Already under fire for labeling President Obama "the food-stamp president," Newt Gingrich on Thursday touched off further controversy for declaring he would visit the NAACP and explain to the organization why African-Americans should "not be satisfied with" food stamps.
The former House speaker's remarks came in the wake of Rick Santorum's earlier comment in which he appeared to single out African-Americans as recipients of federal aid -- a statement that an NAACP official declared "inaccurate and outrageous." Santorum has denied he was singling out blacks.
Gingrich, in a variation of a line he has used in other recent speeches, said in New Hampshire, "I’m prepared, if the NAACP invites me, I’ll go to their convention and talk about why the African-American community should demand paychecks and not be satisfied with food stamps."
"And I’ll go to them and explain a brand new Social Security opportunity for young people, which would be particularly good for African-American males because they are the group that gets the smallest return on Social Security because they have the shortest life span. And under Social Security today, you don’t build up an estate," Gingrich said.

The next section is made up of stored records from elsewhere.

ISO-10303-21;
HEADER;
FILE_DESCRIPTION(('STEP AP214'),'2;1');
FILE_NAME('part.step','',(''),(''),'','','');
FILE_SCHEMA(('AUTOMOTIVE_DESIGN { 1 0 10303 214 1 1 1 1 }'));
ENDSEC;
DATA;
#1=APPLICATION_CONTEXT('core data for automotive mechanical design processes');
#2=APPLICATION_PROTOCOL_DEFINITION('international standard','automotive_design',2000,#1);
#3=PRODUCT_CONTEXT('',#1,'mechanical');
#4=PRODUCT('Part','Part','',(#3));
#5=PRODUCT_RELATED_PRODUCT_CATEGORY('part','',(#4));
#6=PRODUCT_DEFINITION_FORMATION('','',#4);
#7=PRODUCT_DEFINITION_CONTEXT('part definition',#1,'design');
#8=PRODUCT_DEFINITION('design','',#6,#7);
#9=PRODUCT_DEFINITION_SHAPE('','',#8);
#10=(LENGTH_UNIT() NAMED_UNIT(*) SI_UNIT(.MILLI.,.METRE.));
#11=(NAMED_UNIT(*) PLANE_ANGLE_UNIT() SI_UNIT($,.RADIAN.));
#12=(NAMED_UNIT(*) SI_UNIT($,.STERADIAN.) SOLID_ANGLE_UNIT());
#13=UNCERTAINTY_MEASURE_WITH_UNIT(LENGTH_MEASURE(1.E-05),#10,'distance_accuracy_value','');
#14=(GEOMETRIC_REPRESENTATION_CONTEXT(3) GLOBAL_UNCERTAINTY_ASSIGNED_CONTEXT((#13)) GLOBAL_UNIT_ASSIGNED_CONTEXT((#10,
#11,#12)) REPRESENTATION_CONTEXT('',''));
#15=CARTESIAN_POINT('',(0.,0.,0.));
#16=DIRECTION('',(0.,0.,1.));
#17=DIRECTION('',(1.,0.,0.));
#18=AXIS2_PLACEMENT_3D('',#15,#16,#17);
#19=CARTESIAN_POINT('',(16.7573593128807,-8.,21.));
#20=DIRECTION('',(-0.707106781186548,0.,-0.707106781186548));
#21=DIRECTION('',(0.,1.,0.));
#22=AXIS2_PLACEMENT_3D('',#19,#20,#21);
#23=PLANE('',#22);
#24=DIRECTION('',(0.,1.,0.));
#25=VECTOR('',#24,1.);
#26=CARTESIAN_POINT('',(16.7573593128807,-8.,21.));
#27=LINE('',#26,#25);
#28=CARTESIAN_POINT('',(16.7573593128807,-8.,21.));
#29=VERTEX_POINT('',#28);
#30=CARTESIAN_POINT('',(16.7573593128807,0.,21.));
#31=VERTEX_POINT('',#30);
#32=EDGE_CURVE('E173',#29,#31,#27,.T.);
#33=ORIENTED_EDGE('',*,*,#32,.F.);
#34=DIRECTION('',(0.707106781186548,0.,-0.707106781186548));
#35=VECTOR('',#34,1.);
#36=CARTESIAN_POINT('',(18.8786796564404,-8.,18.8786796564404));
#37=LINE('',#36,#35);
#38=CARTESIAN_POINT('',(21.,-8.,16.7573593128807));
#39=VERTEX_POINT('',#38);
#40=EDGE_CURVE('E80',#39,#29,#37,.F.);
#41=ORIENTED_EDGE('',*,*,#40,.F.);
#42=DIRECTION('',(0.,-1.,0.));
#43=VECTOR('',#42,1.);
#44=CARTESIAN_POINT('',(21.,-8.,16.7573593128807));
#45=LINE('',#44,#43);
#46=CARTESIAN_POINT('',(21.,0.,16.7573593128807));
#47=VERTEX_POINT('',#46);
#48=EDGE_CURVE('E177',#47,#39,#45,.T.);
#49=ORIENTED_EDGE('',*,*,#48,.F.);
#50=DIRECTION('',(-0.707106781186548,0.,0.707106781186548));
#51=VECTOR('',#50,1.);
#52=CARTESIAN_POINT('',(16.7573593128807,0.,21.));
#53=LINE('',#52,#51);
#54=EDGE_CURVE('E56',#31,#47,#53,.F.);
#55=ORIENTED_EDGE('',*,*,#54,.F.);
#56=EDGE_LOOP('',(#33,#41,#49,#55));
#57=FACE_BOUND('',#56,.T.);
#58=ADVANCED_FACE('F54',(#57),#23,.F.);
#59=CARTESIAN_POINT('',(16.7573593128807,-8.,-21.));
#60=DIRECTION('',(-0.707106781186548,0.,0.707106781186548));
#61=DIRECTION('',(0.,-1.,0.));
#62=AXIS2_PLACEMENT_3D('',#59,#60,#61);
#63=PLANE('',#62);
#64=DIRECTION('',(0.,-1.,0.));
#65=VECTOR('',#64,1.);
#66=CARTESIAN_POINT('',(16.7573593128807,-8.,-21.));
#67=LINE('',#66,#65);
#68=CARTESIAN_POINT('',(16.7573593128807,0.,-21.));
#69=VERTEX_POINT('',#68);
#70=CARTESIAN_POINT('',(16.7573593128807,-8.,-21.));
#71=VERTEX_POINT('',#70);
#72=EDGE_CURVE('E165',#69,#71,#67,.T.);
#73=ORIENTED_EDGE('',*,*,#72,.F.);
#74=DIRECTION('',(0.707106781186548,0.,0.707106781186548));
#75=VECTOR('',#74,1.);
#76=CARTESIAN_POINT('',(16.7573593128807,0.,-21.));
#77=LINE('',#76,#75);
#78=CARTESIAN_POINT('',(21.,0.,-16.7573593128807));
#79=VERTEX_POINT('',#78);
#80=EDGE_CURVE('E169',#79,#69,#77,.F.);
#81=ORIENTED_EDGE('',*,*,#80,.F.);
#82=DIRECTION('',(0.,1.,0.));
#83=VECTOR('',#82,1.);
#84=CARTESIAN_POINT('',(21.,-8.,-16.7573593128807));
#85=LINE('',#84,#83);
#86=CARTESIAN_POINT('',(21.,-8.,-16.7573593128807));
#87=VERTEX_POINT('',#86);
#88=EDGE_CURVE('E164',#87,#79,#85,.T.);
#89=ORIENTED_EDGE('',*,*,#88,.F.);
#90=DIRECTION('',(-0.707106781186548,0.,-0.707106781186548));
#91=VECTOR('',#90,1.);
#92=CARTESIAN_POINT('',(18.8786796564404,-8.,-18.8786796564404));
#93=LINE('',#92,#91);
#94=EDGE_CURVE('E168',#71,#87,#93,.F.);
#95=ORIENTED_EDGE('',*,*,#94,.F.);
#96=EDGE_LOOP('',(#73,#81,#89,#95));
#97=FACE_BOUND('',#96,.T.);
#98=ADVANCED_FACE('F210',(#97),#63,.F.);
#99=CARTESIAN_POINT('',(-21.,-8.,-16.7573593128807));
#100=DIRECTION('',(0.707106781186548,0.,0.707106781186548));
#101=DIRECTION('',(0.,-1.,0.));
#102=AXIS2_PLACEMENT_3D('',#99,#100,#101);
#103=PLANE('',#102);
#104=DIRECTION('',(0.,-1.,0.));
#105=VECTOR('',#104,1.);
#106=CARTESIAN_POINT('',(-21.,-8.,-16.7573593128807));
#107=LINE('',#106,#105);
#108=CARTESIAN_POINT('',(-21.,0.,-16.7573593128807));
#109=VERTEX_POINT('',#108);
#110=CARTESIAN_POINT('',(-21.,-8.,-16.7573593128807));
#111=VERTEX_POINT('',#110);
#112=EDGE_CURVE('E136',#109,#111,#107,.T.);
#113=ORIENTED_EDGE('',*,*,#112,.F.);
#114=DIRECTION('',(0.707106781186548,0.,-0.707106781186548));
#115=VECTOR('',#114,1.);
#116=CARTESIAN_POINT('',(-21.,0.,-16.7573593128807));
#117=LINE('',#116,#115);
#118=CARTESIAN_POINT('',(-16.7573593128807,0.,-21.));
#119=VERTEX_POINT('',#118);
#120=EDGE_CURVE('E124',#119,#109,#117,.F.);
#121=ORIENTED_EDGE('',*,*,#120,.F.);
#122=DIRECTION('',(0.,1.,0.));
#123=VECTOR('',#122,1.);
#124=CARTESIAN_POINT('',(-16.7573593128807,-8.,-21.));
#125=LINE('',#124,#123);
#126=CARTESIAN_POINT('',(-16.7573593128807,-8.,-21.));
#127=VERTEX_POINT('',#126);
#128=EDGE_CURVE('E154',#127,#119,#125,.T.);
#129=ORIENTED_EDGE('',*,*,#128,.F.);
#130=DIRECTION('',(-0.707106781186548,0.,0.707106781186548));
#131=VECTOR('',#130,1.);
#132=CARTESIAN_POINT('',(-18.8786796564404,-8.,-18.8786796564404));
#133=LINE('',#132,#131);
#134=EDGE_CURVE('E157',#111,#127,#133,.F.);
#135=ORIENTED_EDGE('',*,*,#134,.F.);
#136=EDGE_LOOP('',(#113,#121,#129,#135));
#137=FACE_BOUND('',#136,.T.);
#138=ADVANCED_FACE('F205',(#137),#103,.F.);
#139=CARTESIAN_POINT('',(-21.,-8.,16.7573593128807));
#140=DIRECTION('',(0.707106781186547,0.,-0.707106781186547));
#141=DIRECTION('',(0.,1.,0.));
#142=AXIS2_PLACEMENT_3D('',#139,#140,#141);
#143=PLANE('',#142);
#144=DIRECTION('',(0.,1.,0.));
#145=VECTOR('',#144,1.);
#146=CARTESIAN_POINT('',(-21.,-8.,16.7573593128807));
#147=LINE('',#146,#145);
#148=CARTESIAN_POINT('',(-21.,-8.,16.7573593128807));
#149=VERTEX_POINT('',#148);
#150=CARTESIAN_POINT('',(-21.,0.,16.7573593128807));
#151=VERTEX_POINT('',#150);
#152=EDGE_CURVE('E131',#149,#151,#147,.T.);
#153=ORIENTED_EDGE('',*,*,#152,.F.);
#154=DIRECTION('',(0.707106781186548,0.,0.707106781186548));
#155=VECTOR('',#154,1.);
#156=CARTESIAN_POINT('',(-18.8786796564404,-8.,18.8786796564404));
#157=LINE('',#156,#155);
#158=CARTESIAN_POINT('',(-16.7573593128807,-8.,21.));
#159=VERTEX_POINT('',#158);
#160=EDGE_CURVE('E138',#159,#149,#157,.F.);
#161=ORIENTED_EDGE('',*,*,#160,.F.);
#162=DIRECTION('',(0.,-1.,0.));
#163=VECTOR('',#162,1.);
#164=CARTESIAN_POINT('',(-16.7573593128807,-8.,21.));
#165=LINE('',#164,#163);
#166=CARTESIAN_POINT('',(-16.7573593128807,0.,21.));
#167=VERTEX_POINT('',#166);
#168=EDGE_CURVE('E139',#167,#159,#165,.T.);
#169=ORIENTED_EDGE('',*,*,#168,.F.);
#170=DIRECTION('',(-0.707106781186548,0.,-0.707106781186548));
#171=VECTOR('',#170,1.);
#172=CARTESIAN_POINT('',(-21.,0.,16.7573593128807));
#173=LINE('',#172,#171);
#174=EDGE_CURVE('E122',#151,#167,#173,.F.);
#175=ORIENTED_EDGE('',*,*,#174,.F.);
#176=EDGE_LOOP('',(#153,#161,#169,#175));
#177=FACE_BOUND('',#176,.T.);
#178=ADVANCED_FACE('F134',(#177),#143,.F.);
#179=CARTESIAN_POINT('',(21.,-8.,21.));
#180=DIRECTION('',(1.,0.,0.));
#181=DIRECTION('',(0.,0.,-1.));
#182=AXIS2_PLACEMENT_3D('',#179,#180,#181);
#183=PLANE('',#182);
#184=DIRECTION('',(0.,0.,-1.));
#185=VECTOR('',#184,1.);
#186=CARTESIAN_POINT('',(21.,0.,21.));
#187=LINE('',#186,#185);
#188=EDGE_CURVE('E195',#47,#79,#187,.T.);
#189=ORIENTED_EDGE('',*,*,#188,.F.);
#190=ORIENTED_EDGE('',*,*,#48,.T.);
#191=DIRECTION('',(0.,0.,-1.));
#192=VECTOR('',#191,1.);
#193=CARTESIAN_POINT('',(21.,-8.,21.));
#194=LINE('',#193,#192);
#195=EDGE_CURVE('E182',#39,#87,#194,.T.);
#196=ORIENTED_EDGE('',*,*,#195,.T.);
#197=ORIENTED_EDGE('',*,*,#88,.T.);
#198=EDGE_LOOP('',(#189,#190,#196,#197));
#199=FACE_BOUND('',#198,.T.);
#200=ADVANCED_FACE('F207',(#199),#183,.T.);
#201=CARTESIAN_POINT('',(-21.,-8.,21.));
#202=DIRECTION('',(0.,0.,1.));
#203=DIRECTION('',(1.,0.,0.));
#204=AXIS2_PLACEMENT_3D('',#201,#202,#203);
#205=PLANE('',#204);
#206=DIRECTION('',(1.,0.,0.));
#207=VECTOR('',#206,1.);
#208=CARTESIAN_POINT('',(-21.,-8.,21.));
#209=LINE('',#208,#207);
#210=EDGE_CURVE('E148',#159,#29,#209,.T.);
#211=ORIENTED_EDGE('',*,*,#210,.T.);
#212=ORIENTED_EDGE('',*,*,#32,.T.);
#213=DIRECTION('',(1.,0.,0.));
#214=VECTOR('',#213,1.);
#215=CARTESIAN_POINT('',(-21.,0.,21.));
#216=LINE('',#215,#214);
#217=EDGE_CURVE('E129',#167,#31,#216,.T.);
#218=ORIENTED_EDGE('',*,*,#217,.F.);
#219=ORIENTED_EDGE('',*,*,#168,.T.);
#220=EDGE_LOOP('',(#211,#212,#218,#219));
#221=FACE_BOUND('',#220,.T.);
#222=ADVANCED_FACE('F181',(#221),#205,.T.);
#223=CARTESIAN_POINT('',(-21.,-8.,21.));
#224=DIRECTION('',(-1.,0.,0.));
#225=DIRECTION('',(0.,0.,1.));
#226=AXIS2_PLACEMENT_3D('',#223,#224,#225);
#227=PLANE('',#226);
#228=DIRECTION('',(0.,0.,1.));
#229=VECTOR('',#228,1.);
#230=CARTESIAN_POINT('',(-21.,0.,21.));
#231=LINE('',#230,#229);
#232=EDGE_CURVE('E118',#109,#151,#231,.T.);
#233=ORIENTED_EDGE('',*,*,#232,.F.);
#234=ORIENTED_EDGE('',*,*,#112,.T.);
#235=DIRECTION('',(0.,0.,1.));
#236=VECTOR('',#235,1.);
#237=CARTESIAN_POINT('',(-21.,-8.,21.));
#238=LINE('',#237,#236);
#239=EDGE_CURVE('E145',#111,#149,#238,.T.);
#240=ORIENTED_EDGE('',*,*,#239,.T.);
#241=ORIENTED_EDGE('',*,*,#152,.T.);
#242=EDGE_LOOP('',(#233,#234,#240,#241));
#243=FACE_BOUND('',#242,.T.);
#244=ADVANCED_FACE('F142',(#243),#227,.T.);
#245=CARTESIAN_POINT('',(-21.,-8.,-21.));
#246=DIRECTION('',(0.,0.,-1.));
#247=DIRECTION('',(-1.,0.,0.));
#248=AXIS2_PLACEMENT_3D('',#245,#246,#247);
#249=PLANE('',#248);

The NAACP offered no immediate comment on the former House speaker's remarks. But on the website YourBlackWorld,com, political analyst and commentator Boyce Watkins wrote: "I’m not sure where Gingrich is getting his perception of the black experience in America. I’ve never asked for a welfare check in my life, and neither have most of my friends."
His comments also prompted the left-leaning Center for American Progress to write on its ThinkProgress blog: "Not only is his perception of food-stamp beneficiaries prejudicial, it’s false."
The center noted that whites comprise the majority of people who participate in the food-stamp program, formally called the Supplemental Nutrition Assistance Program. Most of the participants, it added, are also either children or senior citizens.
Gingrich spokesman R.C. Hammond said Thursday in response to the criticism: "Newt believes that every American should have the opportunity to earn a paycheck, rather than be given a food stamp, and he is prepared to make that case in every neighborhood to all groups of all backgrounds in America. Furthermore, this theme of taking the conservative message to every American -- including the NAACP -- has been a constant refrain during Newt's entire career."
Gingrich has actually tried in his recent comments invoking the NAACP to demonstate his commitment to reaching beyond traditional GOP groups to Democratic constituencies.
On Wednesday he said: "My goal is to create a very big coalition. If the NAACP invites me, I will come and speak. If the various Latino groups invite me, I will come and speak. If the construction unions get fed up enough over the [Keystone] pipeline and invite me, I will come and speak."
And last month in Columbia, S.C., for example, he said: "Outreach is when five white guys hold a meeting and then call you. Inclusion is when you’re in the meeting. And I can assure you precisely because we want to decentralize back home, we want to have people back home with a bigger responsibility, that’s why I’m asking you to be with me. I want every community in America to have a better future.
"And I will tell you, unlike some candidates, if the NAACP invites me to come to their annual convention, I’m going to come there and I’m going to invite them to join us in getting America back on the right track so every American can work."
Two Gingrich surrogates -- former New Hampshire Sen. Bob Smith and former Ohio Rep. Bob McEwen -- sought to make the case on Thursday that their onetime-House colleague would be a stronger candidate in a general election against Obama than Mitt Romney.
“You have to remember that in the Iowa caucus, 75 percent of the voters did not pick Romney," Smith told reporters in a conference call.
McEwen was even more blunt, saying of Romney: “I don’t know how a party can nominate a guy like that and expect to win.”
In a subsequent interview with Fox News' Sean Hannity, Gingrich lumped himself with Santorum and Texas Gov. Rick Perry in further distinguishing himself from Romney.
"Santorum and Perry and I all three represent an American conservatism that is dramatically different than a Massachusetts moderate," he said. "We all naturally have a similar reaction to Romney's policies ... We three would write a platform more conservative than the platform that Romney would want to write."